Go through the records below and show every line with the string "names".

(Records from a data collection)
━━━━━━━━
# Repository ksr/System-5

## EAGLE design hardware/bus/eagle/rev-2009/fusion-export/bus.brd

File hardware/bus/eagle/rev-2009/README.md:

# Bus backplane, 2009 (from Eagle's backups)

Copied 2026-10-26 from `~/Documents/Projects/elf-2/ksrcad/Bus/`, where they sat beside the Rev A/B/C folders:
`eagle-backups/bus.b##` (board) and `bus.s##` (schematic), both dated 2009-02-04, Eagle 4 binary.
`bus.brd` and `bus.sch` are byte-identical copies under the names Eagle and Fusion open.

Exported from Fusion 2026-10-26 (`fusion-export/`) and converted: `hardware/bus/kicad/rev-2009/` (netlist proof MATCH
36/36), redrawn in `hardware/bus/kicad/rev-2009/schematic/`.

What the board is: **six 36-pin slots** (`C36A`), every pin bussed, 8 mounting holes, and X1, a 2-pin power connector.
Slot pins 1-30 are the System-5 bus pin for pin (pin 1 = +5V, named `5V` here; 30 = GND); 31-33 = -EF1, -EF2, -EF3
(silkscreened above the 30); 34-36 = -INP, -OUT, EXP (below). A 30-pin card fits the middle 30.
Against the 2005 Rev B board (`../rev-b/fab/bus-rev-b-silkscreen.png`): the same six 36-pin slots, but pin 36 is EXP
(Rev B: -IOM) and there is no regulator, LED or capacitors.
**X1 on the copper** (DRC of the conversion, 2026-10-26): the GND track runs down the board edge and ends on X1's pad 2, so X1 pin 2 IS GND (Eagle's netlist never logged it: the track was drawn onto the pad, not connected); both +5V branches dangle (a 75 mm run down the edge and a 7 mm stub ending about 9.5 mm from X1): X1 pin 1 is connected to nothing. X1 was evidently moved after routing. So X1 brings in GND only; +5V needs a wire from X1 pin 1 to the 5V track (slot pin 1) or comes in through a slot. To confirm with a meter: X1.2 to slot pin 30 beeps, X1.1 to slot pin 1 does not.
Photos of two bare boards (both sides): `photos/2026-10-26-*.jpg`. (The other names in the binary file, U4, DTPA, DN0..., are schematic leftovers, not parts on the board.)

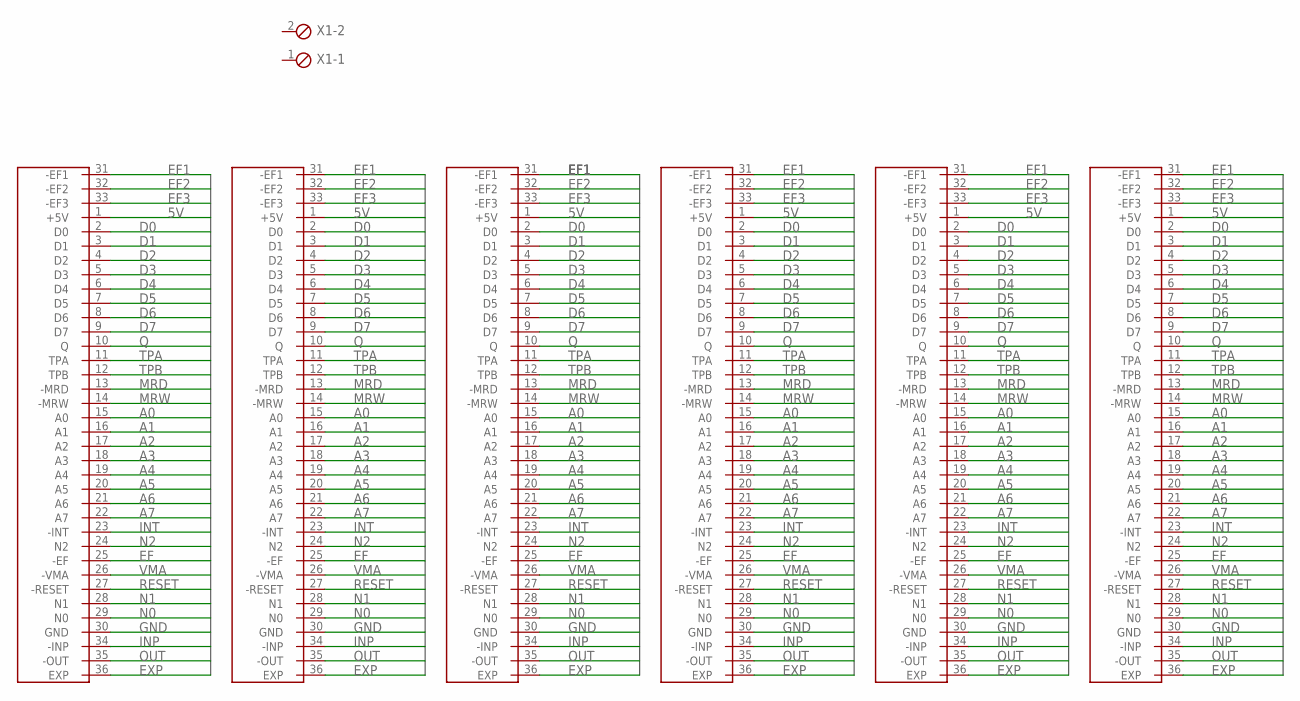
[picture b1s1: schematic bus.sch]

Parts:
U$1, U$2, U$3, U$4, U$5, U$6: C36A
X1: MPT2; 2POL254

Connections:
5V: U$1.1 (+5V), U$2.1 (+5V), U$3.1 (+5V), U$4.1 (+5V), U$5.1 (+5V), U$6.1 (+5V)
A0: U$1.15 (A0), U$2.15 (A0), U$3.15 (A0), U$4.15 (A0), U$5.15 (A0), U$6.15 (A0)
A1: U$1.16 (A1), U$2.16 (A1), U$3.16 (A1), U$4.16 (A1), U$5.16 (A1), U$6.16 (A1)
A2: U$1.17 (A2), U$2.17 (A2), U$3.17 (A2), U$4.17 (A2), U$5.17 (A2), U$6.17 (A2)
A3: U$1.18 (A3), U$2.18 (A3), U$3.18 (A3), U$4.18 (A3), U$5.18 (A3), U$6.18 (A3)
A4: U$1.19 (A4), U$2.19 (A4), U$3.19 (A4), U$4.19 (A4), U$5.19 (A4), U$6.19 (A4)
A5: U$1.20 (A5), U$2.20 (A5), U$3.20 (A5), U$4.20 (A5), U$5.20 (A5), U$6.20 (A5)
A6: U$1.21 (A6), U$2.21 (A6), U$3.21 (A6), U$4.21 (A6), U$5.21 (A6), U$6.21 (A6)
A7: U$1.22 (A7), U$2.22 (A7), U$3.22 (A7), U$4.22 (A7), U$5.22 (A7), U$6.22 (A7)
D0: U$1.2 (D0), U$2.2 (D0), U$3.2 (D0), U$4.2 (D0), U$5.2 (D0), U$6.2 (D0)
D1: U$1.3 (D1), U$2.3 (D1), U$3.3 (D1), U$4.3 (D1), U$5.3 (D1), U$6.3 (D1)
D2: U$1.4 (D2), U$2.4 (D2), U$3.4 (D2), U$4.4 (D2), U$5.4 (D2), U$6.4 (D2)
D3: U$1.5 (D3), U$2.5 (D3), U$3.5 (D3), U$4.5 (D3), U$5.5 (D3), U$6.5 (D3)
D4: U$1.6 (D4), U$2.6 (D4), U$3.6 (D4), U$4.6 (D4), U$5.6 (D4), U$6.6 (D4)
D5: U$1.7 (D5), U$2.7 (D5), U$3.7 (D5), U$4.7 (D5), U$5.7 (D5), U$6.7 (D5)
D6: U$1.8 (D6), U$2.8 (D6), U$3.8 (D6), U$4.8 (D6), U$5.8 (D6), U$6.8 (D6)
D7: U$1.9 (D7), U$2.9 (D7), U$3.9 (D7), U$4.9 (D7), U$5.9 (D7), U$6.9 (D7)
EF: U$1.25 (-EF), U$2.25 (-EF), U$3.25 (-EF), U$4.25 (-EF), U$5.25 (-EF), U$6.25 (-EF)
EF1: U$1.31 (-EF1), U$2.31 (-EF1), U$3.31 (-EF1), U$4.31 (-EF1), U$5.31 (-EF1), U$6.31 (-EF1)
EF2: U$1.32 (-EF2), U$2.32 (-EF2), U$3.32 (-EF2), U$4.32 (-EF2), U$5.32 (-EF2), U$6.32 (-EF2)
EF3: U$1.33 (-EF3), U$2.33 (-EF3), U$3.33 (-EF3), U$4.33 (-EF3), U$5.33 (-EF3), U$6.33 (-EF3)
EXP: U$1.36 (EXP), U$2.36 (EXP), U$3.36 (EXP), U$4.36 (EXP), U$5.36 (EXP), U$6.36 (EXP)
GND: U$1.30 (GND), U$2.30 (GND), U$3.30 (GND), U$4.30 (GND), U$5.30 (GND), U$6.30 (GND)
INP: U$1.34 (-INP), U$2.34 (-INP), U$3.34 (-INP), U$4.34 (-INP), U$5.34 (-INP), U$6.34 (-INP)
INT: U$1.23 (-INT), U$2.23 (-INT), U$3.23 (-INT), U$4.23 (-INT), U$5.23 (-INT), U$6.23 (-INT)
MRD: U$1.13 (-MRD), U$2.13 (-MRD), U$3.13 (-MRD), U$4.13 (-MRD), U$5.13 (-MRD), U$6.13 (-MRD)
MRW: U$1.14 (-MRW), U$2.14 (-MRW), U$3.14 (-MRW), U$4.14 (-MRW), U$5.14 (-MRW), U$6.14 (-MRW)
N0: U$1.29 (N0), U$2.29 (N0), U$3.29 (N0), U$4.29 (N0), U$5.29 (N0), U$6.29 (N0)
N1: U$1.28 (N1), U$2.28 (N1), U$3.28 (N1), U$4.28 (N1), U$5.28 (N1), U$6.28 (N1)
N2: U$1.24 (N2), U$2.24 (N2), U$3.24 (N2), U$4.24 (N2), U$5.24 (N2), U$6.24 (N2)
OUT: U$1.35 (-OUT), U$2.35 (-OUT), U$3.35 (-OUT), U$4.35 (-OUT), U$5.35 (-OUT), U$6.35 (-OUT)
━━━━━━━━
ANSWER »
`bus.brd` and `bus.sch` are byte-identical copies under the names Eagle and Fusion open.
Photos of two bare boards (both sides): `photos/2026-10-26-*.jpg`. (The other names in the binary file, U4, DTPA, DN0..., are schematic leftovers, not parts on the board.)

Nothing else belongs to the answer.